(Data items)
------------------------------------

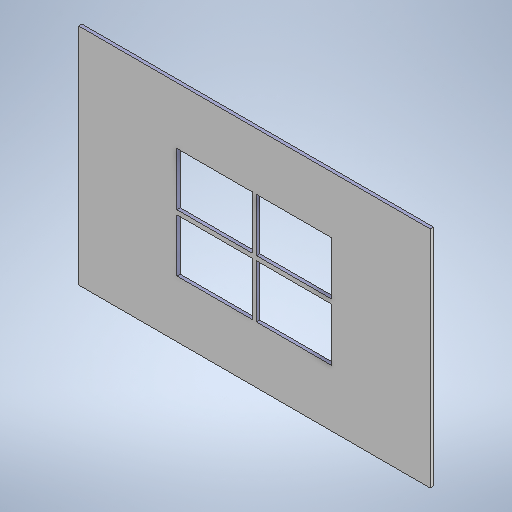
# Autodesk Inventor part: LeftWall_Window
Saved by Autodesk Inventor 2026.2 (Build 302298010, 298A)
## iProperties
Created: 2026-03-19
Part Number: LeftWall_Window
Material: Ogólny
Document SubType Name: Modeling
Designer: Patryk
Density: 1 g/cm^3
Appearance: Domyślna
Author: Patryk
Autodesk Inventor part; units mm, degrees
ref_plane "YZ Plane" through (0, 0, 0) normal (1, 0, 0) x (0, 1, 0)
ref_plane "XZ Plane" through (0, 0, 0) normal (0, 1, 0) x (-1, 0, 0)
ref_plane "XY Plane" through (0, 0, 0) normal (0, 0, 1) x (1, 0, 0)
sketch "Szkic1" plane through (0, 0, 0) normal (0, 0, 1) x (1, 0, 0)
  line L0 (-159, 101.5) -> (159, 101.5)
  line L1 (159, 101.5) -> (159, -101.5)
  line L2 (159, -101.5) -> (-159, -101.5)
  line L3 (-159, -101.5) -> (-159, 101.5)
  line L4 (-159, 101.5) -> (159, -101.5) construction
  line L5 (159, 101.5) -> (-159, -101.5) construction
  point P0 (0, 0)
  dimension "d0" = 318
  dimension "d1" = 203
  constraints: 12 end point, 2 midpoint, 2 parallel, 1 horizontal, 1 perpendicular
  measures "d0" distance of L1.end L2.end
  measures "d1" distance of L0.end L1.end
extrude "Wyciągnięcie proste1" add sketch "Szkic1" along normal mid plane 3
sketch "Szkic2" plane through (0, 0, 1.5) normal (0, 0, 1) x (1, 0, 0)
  line L0 (70, -50) -> (-70, -50)
  line L1 (-70, -50) -> (-70, 50)
  line L2 (-70, 50) -> (70, 50)
  line L3 (70, 50) -> (70, -50)
  line L4 (70, -50) -> (-70, 50) construction
  line L5 (-70, -50) -> (70, 50) construction
  line L6 (-2, 50) -> (2, 50)
  line L7 (2, 50) -> (2, -50)
  line L8 (2, -50) -> (-2, -50)
  line L9 (-2, -50) -> (-2, 50)
  line L10 (-70, 2) -> (70, 2)
  line L11 (70, 2) -> (70, -2)
  line L12 (70, -2) -> (-70, -2)
  line L13 (-70, -2) -> (-70, 2)
  line L14 (159, -101.5) -> (159, 101.5) projected
  line L15 (159, 101.5) -> (-159, 101.5) projected
  point P0 (0, 0)
  point P1 (2, -2)
  point P2 (-2, -2)
  point P3 (2, 2)
  point P4 (-2, 2)
  dimension "d4" = 140
  dimension "d5" = 100
  dimension "d6" = 4
  dimension "d7" = 100
  dimension "d8" = 68
  dimension "d9" = 4
  dimension "d10" = 48
  constraints: 28 end point, 6 parallel, 4 point on line, 3 horizontal, 3 perpendicular, 2 midpoint
  measures "d4" distance of L1.end L2.end
  measures "d5" distance of L0.end L1.end
  measures "d6" distance between parallel lines of L7 L9
  measures "d7" distance of L6.end L7.end
  measures "d8" distance between parallel lines of L9 L1
  measures "d9" distance between parallel lines of L10 L12
  measures "d10" distance between parallel lines of L0 L12
extrude "Wyciągnięcie proste2" cut sketch "Szkic2" against normal through all contours L0 L7 L12 L3 | L0 L1 L12 L9 | L10 L7 L2 L3 | L10 L1 L2 L9

------------------------------------

Retype each line above exactly. Leave the images out.

# Autodesk Inventor part: LeftWall_Window
Saved by Autodesk Inventor 2026.2 (Build 302298010, 298A)
## iProperties
Created: 2026-03-19
Part Number: LeftWall_Window
Material: Ogólny
Document SubType Name: Modeling
Designer: Patryk
Density: 1 g/cm^3
Appearance: Domyślna
Author: Patryk
Autodesk Inventor part; units mm, degrees
ref_plane "YZ Plane" through (0, 0, 0) normal (1, 0, 0) x (0, 1, 0)
ref_plane "XZ Plane" through (0, 0, 0) normal (0, 1, 0) x (-1, 0, 0)
ref_plane "XY Plane" through (0, 0, 0) normal (0, 0, 1) x (1, 0, 0)
sketch "Szkic1" plane through (0, 0, 0) normal (0, 0, 1) x (1, 0, 0)
  line L0 (-159, 101.5) -> (159, 101.5)
  line L1 (159, 101.5) -> (159, -101.5)
  line L2 (159, -101.5) -> (-159, -101.5)
  line L3 (-159, -101.5) -> (-159, 101.5)
  line L4 (-159, 101.5) -> (159, -101.5) construction
  line L5 (159, 101.5) -> (-159, -101.5) construction
  point P0 (0, 0)
  dimension "d0" = 318
  dimension "d1" = 203
  constraints: 12 end point, 2 midpoint, 2 parallel, 1 horizontal, 1 perpendicular
  measures "d0" distance of L1.end L2.end
  measures "d1" distance of L0.end L1.end
extrude "Wyciągnięcie proste1" add sketch "Szkic1" along normal mid plane 3
sketch "Szkic2" plane through (0, 0, 1.5) normal (0, 0, 1) x (1, 0, 0)
  line L0 (70, -50) -> (-70, -50)
  line L1 (-70, -50) -> (-70, 50)
  line L2 (-70, 50) -> (70, 50)
  line L3 (70, 50) -> (70, -50)
  line L4 (70, -50) -> (-70, 50) construction
  line L5 (-70, -50) -> (70, 50) construction
  line L6 (-2, 50) -> (2, 50)
  line L7 (2, 50) -> (2, -50)
  line L8 (2, -50) -> (-2, -50)
  line L9 (-2, -50) -> (-2, 50)
  line L10 (-70, 2) -> (70, 2)
  line L11 (70, 2) -> (70, -2)
  line L12 (70, -2) -> (-70, -2)
  line L13 (-70, -2) -> (-70, 2)
  line L14 (159, -101.5) -> (159, 101.5) projected
  line L15 (159, 101.5) -> (-159, 101.5) projected
  point P0 (0, 0)
  point P1 (2, -2)
  point P2 (-2, -2)
  point P3 (2, 2)
  point P4 (-2, 2)
  dimension "d4" = 140
  dimension "d5" = 100
  dimension "d6" = 4
  dimension "d7" = 100
  dimension "d8" = 68
  dimension "d9" = 4
  dimension "d10" = 48
  constraints: 28 end point, 6 parallel, 4 point on line, 3 horizontal, 3 perpendicular, 2 midpoint
  measures "d4" distance of L1.end L2.end
  measures "d5" distance of L0.end L1.end
  measures "d6" distance between parallel lines of L7 L9
  measures "d7" distance of L6.end L7.end
  measures "d8" distance between parallel lines of L9 L1
  measures "d9" distance between parallel lines of L10 L12
  measures "d10" distance between parallel lines of L0 L12
extrude "Wyciągnięcie proste2" cut sketch "Szkic2" against normal through all contours L0 L7 L12 L3 | L0 L1 L12 L9 | L10 L7 L2 L3 | L10 L1 L2 L9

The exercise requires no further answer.